Ivy reaches up and grasps Selina’s hand. Their eyes meet. It’s going to take a lot more than just water, sunshine, and fertilizer to make Ivy whole this time. They both know it, but neither speaks it. Instead Ivy simply whispers, as weak as the tiny kittens now feeding off of Duchess, “Thank you.”
“That’s what friends are for,” Selina whispers in response, aware both that she has too few friends to ever want to lose one and that there have been so many times in their past when Ivy and she have come close to becoming more than friends. Hell, Harley was the reason they pulled away more times than anything else. Harley’s the reason she left their little makeshift family when she could feel herself wanting more with Ivy than just being the clown’s parents. And Harley is the reason why Ivy is almost dead now.

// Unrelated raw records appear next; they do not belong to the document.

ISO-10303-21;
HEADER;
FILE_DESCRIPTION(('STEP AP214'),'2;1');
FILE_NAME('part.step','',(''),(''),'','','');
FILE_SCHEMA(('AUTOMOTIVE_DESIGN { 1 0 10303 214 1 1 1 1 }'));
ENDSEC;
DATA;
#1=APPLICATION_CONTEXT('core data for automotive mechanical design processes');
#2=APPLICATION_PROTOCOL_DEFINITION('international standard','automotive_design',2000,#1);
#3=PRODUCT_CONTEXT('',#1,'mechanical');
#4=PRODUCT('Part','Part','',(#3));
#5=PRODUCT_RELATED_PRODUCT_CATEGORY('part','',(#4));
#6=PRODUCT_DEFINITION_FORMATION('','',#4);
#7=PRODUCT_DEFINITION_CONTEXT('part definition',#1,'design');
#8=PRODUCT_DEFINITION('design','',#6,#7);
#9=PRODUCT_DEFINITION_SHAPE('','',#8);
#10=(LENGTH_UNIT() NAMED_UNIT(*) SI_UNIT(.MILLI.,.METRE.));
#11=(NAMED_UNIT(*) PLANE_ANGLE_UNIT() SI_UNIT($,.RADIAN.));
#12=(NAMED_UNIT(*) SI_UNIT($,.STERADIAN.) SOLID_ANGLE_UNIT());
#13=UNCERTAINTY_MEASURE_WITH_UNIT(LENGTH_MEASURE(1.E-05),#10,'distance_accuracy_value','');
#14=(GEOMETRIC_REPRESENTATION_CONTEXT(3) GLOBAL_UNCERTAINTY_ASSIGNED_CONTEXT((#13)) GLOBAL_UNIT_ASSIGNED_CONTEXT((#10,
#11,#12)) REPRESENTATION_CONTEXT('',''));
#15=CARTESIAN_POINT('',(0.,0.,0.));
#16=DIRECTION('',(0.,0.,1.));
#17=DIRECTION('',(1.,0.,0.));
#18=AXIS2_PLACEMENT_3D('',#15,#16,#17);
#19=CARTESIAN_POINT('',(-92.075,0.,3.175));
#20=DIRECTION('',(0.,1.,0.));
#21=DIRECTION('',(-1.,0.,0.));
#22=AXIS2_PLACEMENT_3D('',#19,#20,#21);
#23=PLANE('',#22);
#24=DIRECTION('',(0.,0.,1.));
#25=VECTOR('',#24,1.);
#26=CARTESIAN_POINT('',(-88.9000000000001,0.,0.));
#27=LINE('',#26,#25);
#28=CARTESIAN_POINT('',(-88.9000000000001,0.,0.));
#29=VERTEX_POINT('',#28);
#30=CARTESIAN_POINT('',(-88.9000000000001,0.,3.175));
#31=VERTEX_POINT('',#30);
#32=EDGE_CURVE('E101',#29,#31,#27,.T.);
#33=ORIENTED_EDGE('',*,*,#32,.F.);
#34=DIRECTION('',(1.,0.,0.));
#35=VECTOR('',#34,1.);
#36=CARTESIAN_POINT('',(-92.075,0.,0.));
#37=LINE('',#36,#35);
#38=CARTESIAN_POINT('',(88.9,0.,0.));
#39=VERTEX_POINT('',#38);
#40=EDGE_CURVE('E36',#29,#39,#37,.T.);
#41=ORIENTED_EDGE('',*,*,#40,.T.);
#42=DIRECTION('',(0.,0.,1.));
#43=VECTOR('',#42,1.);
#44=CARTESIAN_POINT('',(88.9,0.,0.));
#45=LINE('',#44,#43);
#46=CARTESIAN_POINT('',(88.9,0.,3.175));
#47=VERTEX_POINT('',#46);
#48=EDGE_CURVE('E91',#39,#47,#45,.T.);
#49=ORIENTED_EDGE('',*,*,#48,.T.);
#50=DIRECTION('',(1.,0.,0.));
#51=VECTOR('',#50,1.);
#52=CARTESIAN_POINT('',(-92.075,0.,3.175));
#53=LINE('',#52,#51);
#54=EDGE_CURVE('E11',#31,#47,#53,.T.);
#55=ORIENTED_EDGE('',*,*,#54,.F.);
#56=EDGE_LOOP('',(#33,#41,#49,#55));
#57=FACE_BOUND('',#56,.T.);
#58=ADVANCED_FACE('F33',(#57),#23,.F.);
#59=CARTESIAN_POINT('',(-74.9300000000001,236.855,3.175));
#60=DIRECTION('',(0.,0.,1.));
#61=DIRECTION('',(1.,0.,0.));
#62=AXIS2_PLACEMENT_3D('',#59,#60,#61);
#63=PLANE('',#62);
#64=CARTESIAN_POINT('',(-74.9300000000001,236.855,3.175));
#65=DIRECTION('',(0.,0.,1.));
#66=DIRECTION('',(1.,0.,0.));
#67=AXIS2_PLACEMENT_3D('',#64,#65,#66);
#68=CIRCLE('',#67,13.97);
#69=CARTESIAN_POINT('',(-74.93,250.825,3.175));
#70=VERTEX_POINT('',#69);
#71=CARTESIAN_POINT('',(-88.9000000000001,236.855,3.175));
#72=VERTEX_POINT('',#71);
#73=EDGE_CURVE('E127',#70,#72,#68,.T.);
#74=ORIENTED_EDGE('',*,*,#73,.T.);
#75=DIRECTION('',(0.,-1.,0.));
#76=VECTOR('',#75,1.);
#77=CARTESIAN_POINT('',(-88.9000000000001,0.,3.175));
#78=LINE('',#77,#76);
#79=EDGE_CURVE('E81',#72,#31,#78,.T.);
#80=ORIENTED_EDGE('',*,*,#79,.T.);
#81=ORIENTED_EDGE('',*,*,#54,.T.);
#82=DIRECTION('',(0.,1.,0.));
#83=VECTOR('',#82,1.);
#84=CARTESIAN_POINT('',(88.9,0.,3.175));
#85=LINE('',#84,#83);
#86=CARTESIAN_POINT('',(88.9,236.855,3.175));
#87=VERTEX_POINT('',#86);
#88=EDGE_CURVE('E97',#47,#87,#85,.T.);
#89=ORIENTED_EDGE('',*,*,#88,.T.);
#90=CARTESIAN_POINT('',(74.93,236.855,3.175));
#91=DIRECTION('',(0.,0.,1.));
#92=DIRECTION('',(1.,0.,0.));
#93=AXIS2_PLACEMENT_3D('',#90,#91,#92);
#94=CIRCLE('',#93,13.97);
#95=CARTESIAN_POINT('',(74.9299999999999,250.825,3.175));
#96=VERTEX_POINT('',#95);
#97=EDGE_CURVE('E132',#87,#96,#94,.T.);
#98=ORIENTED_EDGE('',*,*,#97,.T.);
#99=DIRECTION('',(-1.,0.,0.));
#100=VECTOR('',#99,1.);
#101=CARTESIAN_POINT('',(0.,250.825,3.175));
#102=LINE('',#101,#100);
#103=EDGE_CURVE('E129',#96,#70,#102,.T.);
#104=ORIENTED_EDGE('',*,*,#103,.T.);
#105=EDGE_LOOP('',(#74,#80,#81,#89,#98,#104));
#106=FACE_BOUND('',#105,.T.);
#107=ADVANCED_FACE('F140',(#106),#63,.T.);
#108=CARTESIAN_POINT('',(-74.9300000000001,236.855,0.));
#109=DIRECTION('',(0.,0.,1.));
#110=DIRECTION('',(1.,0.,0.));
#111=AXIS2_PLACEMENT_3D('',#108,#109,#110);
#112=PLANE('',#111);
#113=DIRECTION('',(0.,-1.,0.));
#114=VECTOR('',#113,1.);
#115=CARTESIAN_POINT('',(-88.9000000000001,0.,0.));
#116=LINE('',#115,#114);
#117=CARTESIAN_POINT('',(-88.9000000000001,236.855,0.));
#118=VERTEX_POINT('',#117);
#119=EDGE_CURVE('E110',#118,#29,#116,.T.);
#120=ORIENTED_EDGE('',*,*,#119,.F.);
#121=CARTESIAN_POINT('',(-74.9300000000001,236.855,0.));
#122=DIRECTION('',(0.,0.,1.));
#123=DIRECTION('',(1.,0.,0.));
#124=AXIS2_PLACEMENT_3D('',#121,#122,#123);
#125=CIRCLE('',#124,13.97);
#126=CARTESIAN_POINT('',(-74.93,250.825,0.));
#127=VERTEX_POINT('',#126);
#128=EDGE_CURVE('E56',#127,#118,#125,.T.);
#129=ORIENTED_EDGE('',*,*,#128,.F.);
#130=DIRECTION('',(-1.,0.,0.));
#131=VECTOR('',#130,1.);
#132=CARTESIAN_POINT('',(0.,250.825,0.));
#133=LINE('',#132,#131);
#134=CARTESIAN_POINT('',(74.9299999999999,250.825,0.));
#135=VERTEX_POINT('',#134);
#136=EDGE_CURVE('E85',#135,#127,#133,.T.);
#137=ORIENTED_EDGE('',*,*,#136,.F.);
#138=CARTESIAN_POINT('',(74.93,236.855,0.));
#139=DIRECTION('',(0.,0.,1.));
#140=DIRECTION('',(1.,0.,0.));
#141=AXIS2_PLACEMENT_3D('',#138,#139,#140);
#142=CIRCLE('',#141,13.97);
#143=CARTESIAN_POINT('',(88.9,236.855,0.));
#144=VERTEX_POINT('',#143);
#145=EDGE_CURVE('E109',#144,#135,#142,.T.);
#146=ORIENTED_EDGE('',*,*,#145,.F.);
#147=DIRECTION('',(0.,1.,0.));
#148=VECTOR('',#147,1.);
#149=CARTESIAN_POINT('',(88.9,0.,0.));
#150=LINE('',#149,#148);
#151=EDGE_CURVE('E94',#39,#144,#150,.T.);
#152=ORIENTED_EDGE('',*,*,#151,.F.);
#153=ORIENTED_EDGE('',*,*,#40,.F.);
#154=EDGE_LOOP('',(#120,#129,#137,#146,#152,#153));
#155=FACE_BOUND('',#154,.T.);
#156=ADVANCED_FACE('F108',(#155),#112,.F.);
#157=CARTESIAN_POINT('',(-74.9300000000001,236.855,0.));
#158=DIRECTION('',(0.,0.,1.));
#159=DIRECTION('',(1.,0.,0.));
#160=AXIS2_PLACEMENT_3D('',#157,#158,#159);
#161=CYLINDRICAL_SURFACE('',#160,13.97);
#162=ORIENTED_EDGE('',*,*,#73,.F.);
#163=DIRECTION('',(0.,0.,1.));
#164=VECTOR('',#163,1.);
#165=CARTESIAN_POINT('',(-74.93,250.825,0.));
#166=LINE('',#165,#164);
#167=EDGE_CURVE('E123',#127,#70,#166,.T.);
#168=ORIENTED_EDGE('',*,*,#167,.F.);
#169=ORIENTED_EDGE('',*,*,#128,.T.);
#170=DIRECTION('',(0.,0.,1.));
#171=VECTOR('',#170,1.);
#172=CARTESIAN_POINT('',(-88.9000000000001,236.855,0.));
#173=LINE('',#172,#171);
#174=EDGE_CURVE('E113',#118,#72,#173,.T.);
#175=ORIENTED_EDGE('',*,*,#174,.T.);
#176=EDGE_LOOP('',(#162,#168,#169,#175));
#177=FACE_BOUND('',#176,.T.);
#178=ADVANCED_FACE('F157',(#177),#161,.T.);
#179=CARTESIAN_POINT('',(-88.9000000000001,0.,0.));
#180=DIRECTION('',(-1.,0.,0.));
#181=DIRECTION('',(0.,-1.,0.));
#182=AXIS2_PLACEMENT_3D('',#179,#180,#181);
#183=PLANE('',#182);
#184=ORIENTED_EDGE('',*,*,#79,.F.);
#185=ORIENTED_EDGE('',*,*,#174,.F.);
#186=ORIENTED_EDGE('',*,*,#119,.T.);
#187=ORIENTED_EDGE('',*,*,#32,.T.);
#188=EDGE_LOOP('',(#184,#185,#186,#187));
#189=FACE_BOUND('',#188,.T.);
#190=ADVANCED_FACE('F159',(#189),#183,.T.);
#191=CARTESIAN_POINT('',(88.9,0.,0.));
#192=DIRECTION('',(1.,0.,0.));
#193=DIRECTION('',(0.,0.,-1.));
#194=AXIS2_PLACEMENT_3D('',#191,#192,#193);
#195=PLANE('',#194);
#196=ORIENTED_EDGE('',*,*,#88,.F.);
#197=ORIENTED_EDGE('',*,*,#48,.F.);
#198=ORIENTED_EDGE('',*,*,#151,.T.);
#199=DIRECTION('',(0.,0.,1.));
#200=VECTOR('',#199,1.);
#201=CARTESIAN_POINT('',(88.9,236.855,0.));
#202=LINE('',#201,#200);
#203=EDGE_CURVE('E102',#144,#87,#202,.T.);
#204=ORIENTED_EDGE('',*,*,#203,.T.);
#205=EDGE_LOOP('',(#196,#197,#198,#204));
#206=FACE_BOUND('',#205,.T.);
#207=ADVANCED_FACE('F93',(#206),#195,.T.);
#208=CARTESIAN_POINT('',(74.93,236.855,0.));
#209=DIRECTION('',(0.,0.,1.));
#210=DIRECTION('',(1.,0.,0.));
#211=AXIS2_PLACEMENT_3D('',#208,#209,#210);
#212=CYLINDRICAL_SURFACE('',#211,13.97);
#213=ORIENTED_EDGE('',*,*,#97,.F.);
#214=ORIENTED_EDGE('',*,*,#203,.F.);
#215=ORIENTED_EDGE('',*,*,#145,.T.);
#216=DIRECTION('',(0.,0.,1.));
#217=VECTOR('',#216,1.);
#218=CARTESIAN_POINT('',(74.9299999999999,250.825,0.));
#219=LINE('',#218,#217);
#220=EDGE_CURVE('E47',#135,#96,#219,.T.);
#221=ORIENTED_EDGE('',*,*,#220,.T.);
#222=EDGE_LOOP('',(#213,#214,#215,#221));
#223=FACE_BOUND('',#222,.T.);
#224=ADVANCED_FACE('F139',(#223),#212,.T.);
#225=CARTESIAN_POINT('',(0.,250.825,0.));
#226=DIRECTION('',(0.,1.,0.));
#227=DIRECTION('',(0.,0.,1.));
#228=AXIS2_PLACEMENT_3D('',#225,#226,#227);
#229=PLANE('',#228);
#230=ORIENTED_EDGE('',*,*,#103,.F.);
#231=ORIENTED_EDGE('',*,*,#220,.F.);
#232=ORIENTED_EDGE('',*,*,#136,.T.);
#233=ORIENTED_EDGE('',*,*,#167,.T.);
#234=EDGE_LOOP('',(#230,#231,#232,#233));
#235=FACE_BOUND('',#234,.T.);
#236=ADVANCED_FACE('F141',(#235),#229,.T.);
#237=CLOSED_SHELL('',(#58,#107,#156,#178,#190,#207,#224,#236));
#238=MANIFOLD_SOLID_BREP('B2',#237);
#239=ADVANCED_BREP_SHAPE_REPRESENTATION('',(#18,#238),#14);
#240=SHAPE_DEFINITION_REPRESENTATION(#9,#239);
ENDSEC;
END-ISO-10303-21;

“You’re not going anywhere, Red,” Selina whispers, her voice made thick and husky with emotions, not the least of which is regret she will never voice. “Just lay back. I’ve got you.”
Ivy does so with a groan, tilting her head all the way back over the end of the tub. Selina stays beside on her knees, scooping water up in her gloved hands and washing it over Ivy, who needs it as much as humans need oxygen. Chlorophyll crosses her mind, and Sel wonders idly where she could obtain some.
Her next thought almost stops her in her tracks as she wonders who, if anybody, would ever take this same kind of care with her. Ivy’s rescued Harley more than once, but would she ever do the same for her? She already knows, too clearly and too painfully, how much she can not trust Bruce. Arizona’s long gone, and normally, it’s just Sel and her cats.
Two felines twine around Selina’s ankles. She looks down at them and smiles through her unshed tears. With her free hand, she takes turns stroking Diana and Isis, the two most loyal and loving beings she’s ever known. “Yeah,” she whispers, “I know you’ve got me.” She looks back up at Ivy, who is now fast asleep. “And I’ve got you, Red, for better or worse.”